1. Context
In modern software organizations, QA engineers and developers operate under increasing pressure to ship faster, maintain high quality, and reduce regression risk. However, the tools and workflows supporting bug reporting and debugging have not evolved at the same pace as development methodologies like Continuous Delivery, feature flags, multi-environment testing, and parallel sprint teams.
QA teams still rely heavily on:
Screenshots
Manual screen recordings
Browser DevTools
Slack messages
Handwritten reproduction steps
Spreadsheets
Incomplete Jira tickets
Developers, on the other hand, pull together fragmented information across:
Console logs
Network traces
Local environment setups
Remote environment differences
Slack DMs
Incomplete bug reports
This results in time wasted, slow development cycles, dropped quality, miscommunication, and friction across teams.

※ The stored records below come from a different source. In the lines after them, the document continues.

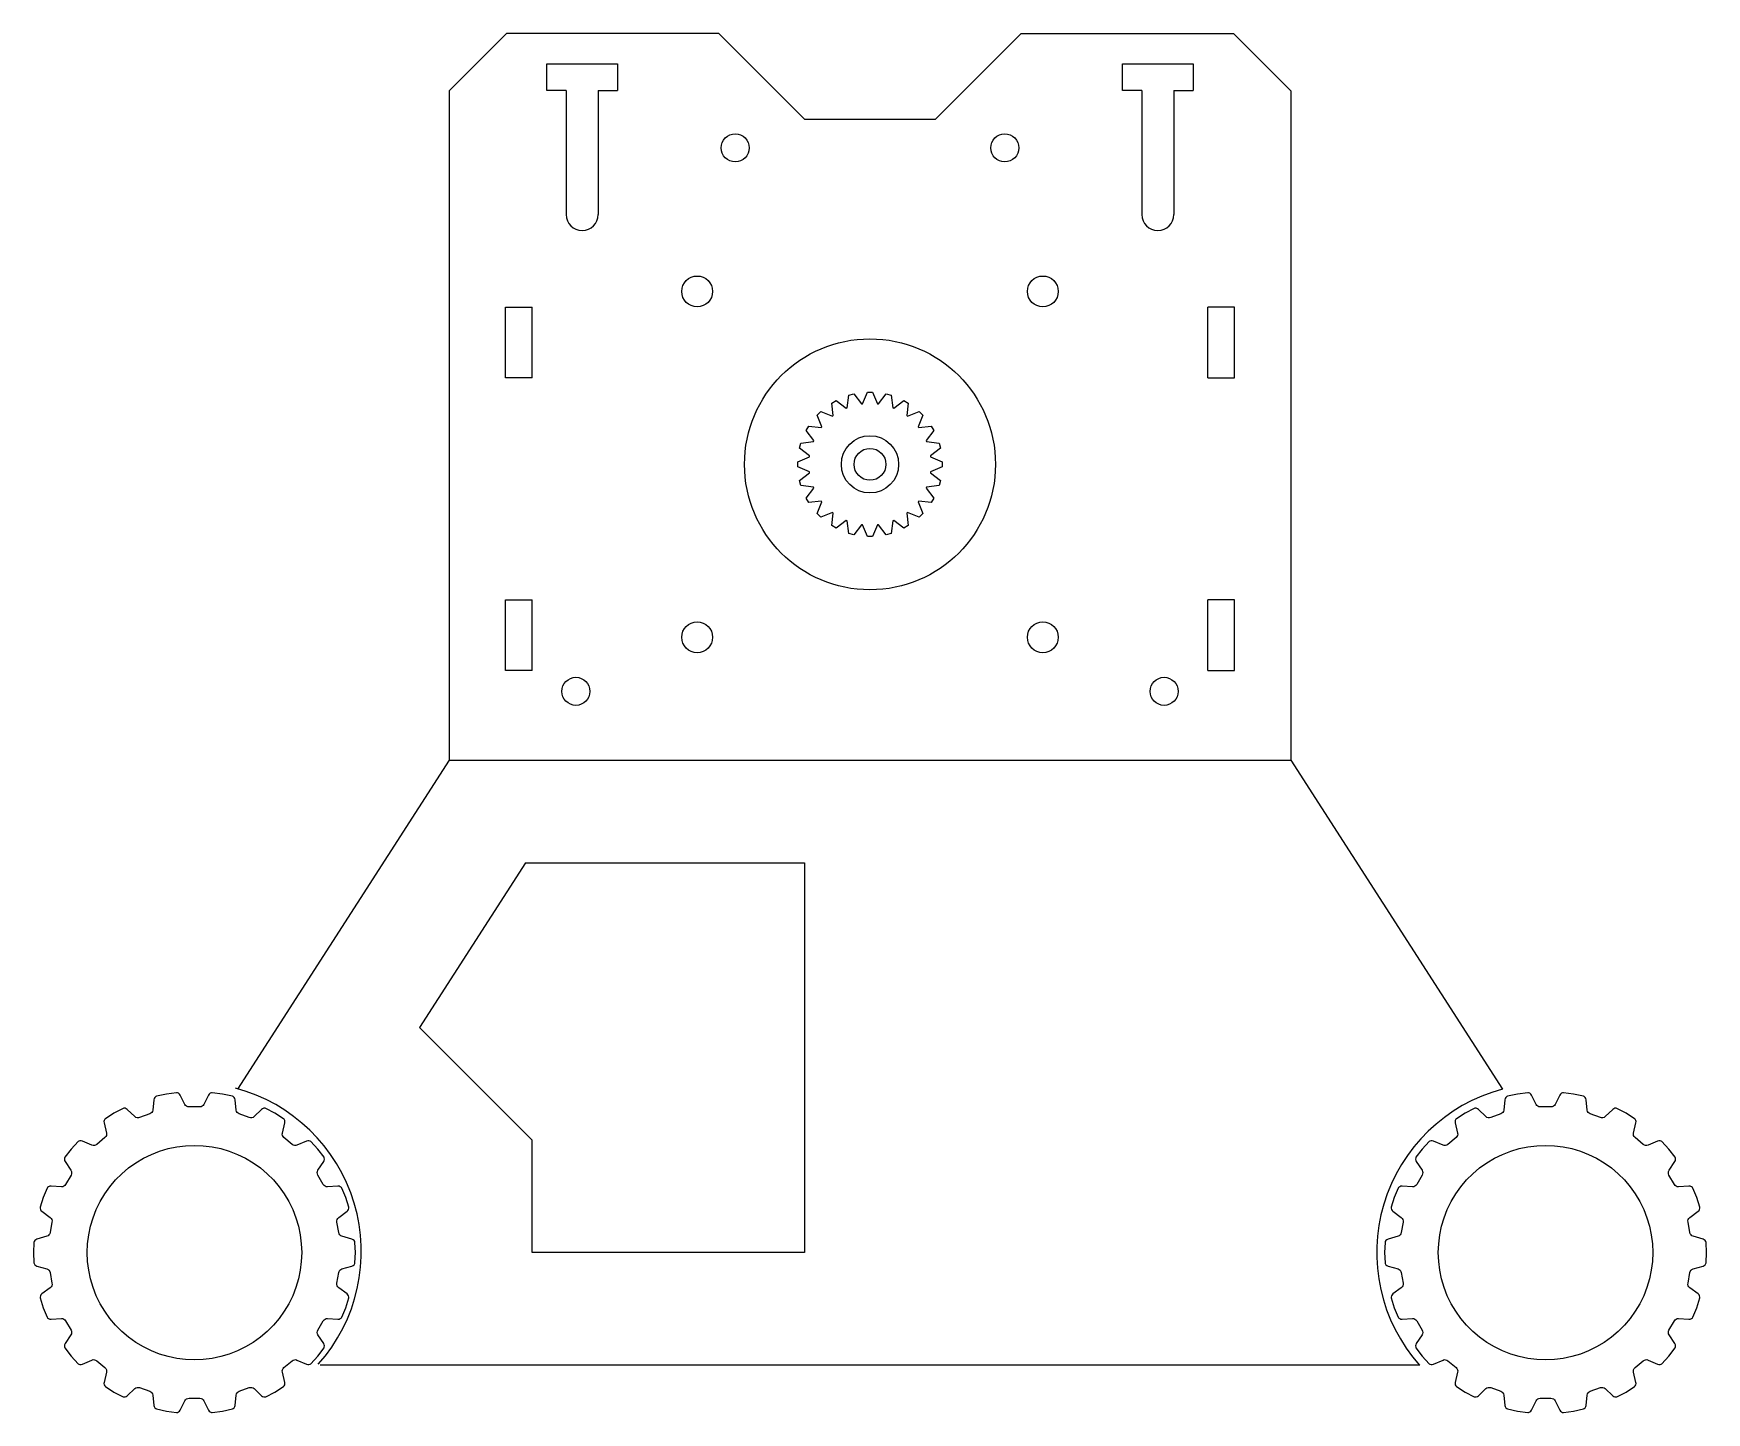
# Model space of a CAD drawing. Header units: inches. Extents: x -7.3 to 10.7, y -3.3 to 5.6.
# Drawn here: x 4.9 to 10.7, y -3.28 to 1.49 of the extents above; entities that cross this region are included whole.
import ezdxf

# ---------------------------------------------------------------- set-up
doc = ezdxf.new("R2010")
doc.units = ezdxf.units.IN
doc.header["$MEASUREMENT"] = 0
doc.layers.get('0').update_dxf_attribs({"lineweight": 25, "true_color": 0xffffff})

msp = doc.modelspace()

# ---------------------------------------------------------------- linework, layer by layer
for p, q in [((6.3424, 1.2941), (6.5406, 1.4922)), ((7.2764, 1.4922), (6.5406, 1.4922)), ((7.5735, 1.195), (7.2764, 1.4922)), ((8.0265, 1.195), (8.3236, 1.4922)), ((8.3236, 1.4922), (9.0594, 1.4922)), ((9.0594, 1.4922), (9.2576, 1.2941)), ((6.3424, 1.2941), (6.3424, -1.024)), ((9.2576, 1.2941), (9.2576, -1.024)), ((7.5735, 1.195), (8.0265, 1.195)), ((6.3424, -1.024), (5.6093, -2.1644)), ((6.3424, -1.024), (9.2576, -1.024)), ((9.2576, -1.024), (9.9907, -2.1644)), ((6.6066, -1.3798), (6.24, -1.95)), ((6.6066, -1.3798), (7.5735, -1.3798)), ((7.5735, -1.3798), (7.5735, -2.73)), ((6.63, -2.34), (6.24, -1.95)), ((5.3195, -2.2007), (5.3155, -2.2366)), ((5.3206, -2.1965), (5.3195, -2.2007)), ((5.3229, -2.1928), (5.3206, -2.1965)), ((5.3261, -2.1898), (5.3229, -2.1928)), ((5.3286, -2.1885), (5.3261, -2.1898)), ((5.3632, -2.1808), (5.3286, -2.1885)), ((5.3983, -2.1762), (5.3632, -2.1808)), ((5.4011, -2.1766), (5.3983, -2.1762)), ((5.4051, -2.1783), (5.4011, -2.1766)), ((5.4085, -2.181), (5.4051, -2.1783)), ((5.411, -2.1845), (5.4085, -2.181)), ((5.427, -2.2169), (5.411, -2.1845)), ((5.509, -2.1845), (5.493, -2.2169)), ((5.5115, -2.181), (5.509, -2.1845)), ((5.5149, -2.1783), (5.5115, -2.181)), ((5.5189, -2.1766), (5.5149, -2.1783)), ((5.5217, -2.1762), (5.5189, -2.1766)), ((5.5568, -2.1808), (5.5217, -2.1762)), ((5.5914, -2.1885), (5.5568, -2.1808)), ((5.5939, -2.1898), (5.5914, -2.1885)), ((5.5971, -2.1928), (5.5939, -2.1898)), ((5.5994, -2.1965), (5.5971, -2.1928)), ((5.6005, -2.2007), (5.5994, -2.1965)), ((5.6045, -2.2366), (5.6005, -2.2007)), ((9.9995, -2.2007), (9.9955, -2.2366)), ((10.0006, -2.1965), (9.9995, -2.2007)), ((10.0029, -2.1928), (10.0006, -2.1965)), ((10.0061, -2.1898), (10.0029, -2.1928)), ((10.0086, -2.1885), (10.0061, -2.1898)), ((10.0432, -2.1808), (10.0086, -2.1885)), ((10.0783, -2.1762), (10.0432, -2.1808)), ((10.0811, -2.1766), (10.0783, -2.1762)), ((10.0851, -2.1783), (10.0811, -2.1766)), ((10.0885, -2.181), (10.0851, -2.1783)), ((10.091, -2.1845), (10.0885, -2.181)), ((10.107, -2.2169), (10.091, -2.1845)), ((10.189, -2.1845), (10.173, -2.2169)), ((10.1915, -2.181), (10.189, -2.1845)), ((10.1949, -2.1783), (10.1915, -2.181)), ((10.1989, -2.1766), (10.1949, -2.1783)), ((10.2017, -2.1762), (10.1989, -2.1766)), ((10.2368, -2.1808), (10.2017, -2.1762)), ((10.2714, -2.1885), (10.2368, -2.1808)), ((10.2739, -2.1898), (10.2714, -2.1885)), ((10.2771, -2.1928), (10.2739, -2.1898)), ((10.2794, -2.1965), (10.2771, -2.1928)), ((10.2805, -2.2007), (10.2794, -2.1965)), ((10.2845, -2.2366), (10.2805, -2.2007)), ((5.1812, -2.247), (5.1513, -2.2661)), ((5.2126, -2.2307), (5.1812, -2.247)), ((5.2153, -2.2301), (5.2126, -2.2307)), ((5.2197, -2.2303), (5.2153, -2.2301)), ((5.2238, -2.2317), (5.2197, -2.2303)), ((5.2274, -2.2342), (5.2238, -2.2317)), ((5.2535, -2.2591), (5.2274, -2.2342)), ((5.2571, -2.2616), (5.2535, -2.2591)), ((5.3049, -2.2496), (5.27, -2.2623)), ((5.3089, -2.2475), (5.3049, -2.2496)), ((5.3121, -2.2444), (5.3089, -2.2475)), ((5.3144, -2.2408), (5.3121, -2.2444)), ((5.3155, -2.2366), (5.3144, -2.2408)), ((5.4295, -2.2204), (5.427, -2.2169)), ((5.4329, -2.2232), (5.4295, -2.2204)), ((5.4369, -2.2249), (5.4329, -2.2232)), ((5.4414, -2.2255), (5.4369, -2.2249)), ((5.4786, -2.2255), (5.4414, -2.2255)), ((5.4831, -2.2249), (5.4786, -2.2255)), ((5.4871, -2.2232), (5.4831, -2.2249)), ((5.4905, -2.2204), (5.4871, -2.2232)), ((5.493, -2.2169), (5.4905, -2.2204)), ((5.6056, -2.2408), (5.6045, -2.2366)), ((5.6079, -2.2444), (5.6056, -2.2408)), ((5.6111, -2.2475), (5.6079, -2.2444)), ((5.6151, -2.2496), (5.6111, -2.2475)), ((5.65, -2.2623), (5.6151, -2.2496)), ((5.6665, -2.2591), (5.6629, -2.2616)), ((5.6926, -2.2342), (5.6665, -2.2591)), ((5.6962, -2.2317), (5.6926, -2.2342)), ((5.7003, -2.2303), (5.6962, -2.2317)), ((5.7047, -2.2301), (5.7003, -2.2303)), ((5.7074, -2.2307), (5.7047, -2.2301)), ((5.7388, -2.247), (5.7074, -2.2307)), ((5.7687, -2.2661), (5.7388, -2.247)), ((9.8612, -2.247), (9.8313, -2.2661)), ((9.8926, -2.2307), (9.8612, -2.247)), ((9.8953, -2.2301), (9.8926, -2.2307)), ((9.8997, -2.2303), (9.8953, -2.2301)), ((9.9038, -2.2317), (9.8997, -2.2303)), ((9.9074, -2.2342), (9.9038, -2.2317)), ((9.9335, -2.2591), (9.9074, -2.2342)), ((9.9371, -2.2616), (9.9335, -2.2591)), ((9.9849, -2.2496), (9.95, -2.2623)), ((9.9889, -2.2475), (9.9849, -2.2496)), ((9.9921, -2.2444), (9.9889, -2.2475)), ((9.9944, -2.2408), (9.9921, -2.2444)), ((9.9955, -2.2366), (9.9944, -2.2408)), ((10.1095, -2.2204), (10.107, -2.2169)), ((10.1129, -2.2232), (10.1095, -2.2204)), ((10.1169, -2.2249), (10.1129, -2.2232)), ((10.1214, -2.2255), (10.1169, -2.2249)), ((10.1586, -2.2255), (10.1214, -2.2255)), ((10.1631, -2.2249), (10.1586, -2.2255)), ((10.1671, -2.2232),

The gap is clear: while tech has evolved, bug reporting has not.
2. Brief
The assignment was to design a web application that allows QA engineers and developers to capture, report, reproduce, and resolve bugs efficiently, with minimal manual effort and maximum technical clarity.
The solution must:
Integrate with Jira, Trello, Asana
Improve QA speed
Improve developer debugging experience
Reduce communication overhead
Capture complete context automatically
Fit naturally into existing workflows
Be scalable, modern, and intuitive
The output expected: research → insights → IA → flows → wireframes → high-fidelity design → prototype → impact.
3. Design Process
I followed a modified Double Diamond + Product Thinking approach.
Discover
Competitive analysis
Domain understanding (QA workflows, developer debugging workflows)
User interviews
Process observation
Pain analysis
Define
Key insights
Problem reframing
Personas
Current journey mapping
Task identification
Opportunity mapping
Ideate
Concept sketches
Whiteboarding
Explorations: modals vs right-panel, auto-capture strategies, reproduction flows
Multiple approaches evaluated
Design
Information architecture
Low-fidelity wireframes
Mid-fidelity layouts
High-fidelity SaaS UI using Linear/Vercel/Notion aesthetics
Motion and interaction pattern design
Validate
Usability testing with QA + developers
Revisions to layout hierarchy
Improved clarity in bug detail view
Updates to capture modal UX
Deliver
Final prototype
Design system foundation
Case study narrative
4. Background
For decades, QA teams have relied on a variety of disjointed tools:
Browser-based testing (physical devices or cloud)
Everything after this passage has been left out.